TO DO:
All lines from the one that contains "## KiCad design" through the final line of the entries must be repeated exactly. No other lines belong in the output.

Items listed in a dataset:
- - - - - - -

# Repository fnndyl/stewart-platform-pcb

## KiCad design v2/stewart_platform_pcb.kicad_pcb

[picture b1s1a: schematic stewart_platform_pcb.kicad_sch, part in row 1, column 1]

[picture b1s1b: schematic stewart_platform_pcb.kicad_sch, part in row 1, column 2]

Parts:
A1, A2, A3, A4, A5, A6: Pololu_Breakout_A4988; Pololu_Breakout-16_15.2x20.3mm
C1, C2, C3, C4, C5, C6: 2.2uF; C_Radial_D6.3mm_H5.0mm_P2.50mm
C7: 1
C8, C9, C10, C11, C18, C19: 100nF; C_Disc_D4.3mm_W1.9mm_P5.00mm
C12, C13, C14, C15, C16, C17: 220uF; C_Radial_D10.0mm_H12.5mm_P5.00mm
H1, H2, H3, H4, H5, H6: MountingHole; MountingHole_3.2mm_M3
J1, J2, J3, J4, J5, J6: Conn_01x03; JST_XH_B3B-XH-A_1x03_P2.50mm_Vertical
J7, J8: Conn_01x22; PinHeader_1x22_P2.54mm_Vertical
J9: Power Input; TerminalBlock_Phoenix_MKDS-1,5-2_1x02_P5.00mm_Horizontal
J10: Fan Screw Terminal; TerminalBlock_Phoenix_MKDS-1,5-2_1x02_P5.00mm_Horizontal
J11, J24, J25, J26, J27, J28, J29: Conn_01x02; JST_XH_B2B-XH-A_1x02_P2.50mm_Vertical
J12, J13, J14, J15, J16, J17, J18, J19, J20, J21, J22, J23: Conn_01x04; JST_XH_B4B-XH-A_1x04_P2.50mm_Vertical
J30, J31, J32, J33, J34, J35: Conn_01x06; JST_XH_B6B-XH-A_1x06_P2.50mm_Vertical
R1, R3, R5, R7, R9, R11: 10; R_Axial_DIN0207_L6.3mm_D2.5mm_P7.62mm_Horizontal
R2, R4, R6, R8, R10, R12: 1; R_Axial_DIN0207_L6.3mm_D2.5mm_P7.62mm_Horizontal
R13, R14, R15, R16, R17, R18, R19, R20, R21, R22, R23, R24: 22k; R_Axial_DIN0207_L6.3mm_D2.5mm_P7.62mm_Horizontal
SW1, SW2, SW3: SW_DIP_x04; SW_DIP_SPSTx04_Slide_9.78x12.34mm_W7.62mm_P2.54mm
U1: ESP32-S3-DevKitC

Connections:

- - - - - - -

RESPONSE TO THE TASK:
## KiCad design v2/stewart_platform_pcb.kicad_pcb

[picture b1s1a: schematic stewart_platform_pcb.kicad_sch, part in row 1, column 1]

[picture b1s1b: schematic stewart_platform_pcb.kicad_sch, part in row 1, column 2]

Parts:
A1, A2, A3, A4, A5, A6: Pololu_Breakout_A4988; Pololu_Breakout-16_15.2x20.3mm
C1, C2, C3, C4, C5, C6: 2.2uF; C_Radial_D6.3mm_H5.0mm_P2.50mm
C7: 1
C8, C9, C10, C11, C18, C19: 100nF; C_Disc_D4.3mm_W1.9mm_P5.00mm
C12, C13, C14, C15, C16, C17: 220uF; C_Radial_D10.0mm_H12.5mm_P5.00mm
H1, H2, H3, H4, H5, H6: MountingHole; MountingHole_3.2mm_M3
J1, J2, J3, J4, J5, J6: Conn_01x03; JST_XH_B3B-XH-A_1x03_P2.50mm_Vertical
J7, J8: Conn_01x22; PinHeader_1x22_P2.54mm_Vertical
J9: Power Input; TerminalBlock_Phoenix_MKDS-1,5-2_1x02_P5.00mm_Horizontal
J10: Fan Screw Terminal; TerminalBlock_Phoenix_MKDS-1,5-2_1x02_P5.00mm_Horizontal
J11, J24, J25, J26, J27, J28, J29: Conn_01x02; JST_XH_B2B-XH-A_1x02_P2.50mm_Vertical
J12, J13, J14, J15, J16, J17, J18, J19, J20, J21, J22, J23: Conn_01x04; JST_XH_B4B-XH-A_1x04_P2.50mm_Vertical
J30, J31, J32, J33, J34, J35: Conn_01x06; JST_XH_B6B-XH-A_1x06_P2.50mm_Vertical
R1, R3, R5, R7, R9, R11: 10; R_Axial_DIN0207_L6.3mm_D2.5mm_P7.62mm_Horizontal
R2, R4, R6, R8, R10, R12: 1; R_Axial_DIN0207_L6.3mm_D2.5mm_P7.62mm_Horizontal
R13, R14, R15, R16, R17, R18, R19, R20, R21, R22, R23, R24: 22k; R_Axial_DIN0207_L6.3mm_D2.5mm_P7.62mm_Horizontal
SW1, SW2, SW3: SW_DIP_x04; SW_DIP_SPSTx04_Slide_9.78x12.34mm_W7.62mm_P2.54mm
U1: ESP32-S3-DevKitC

Connections:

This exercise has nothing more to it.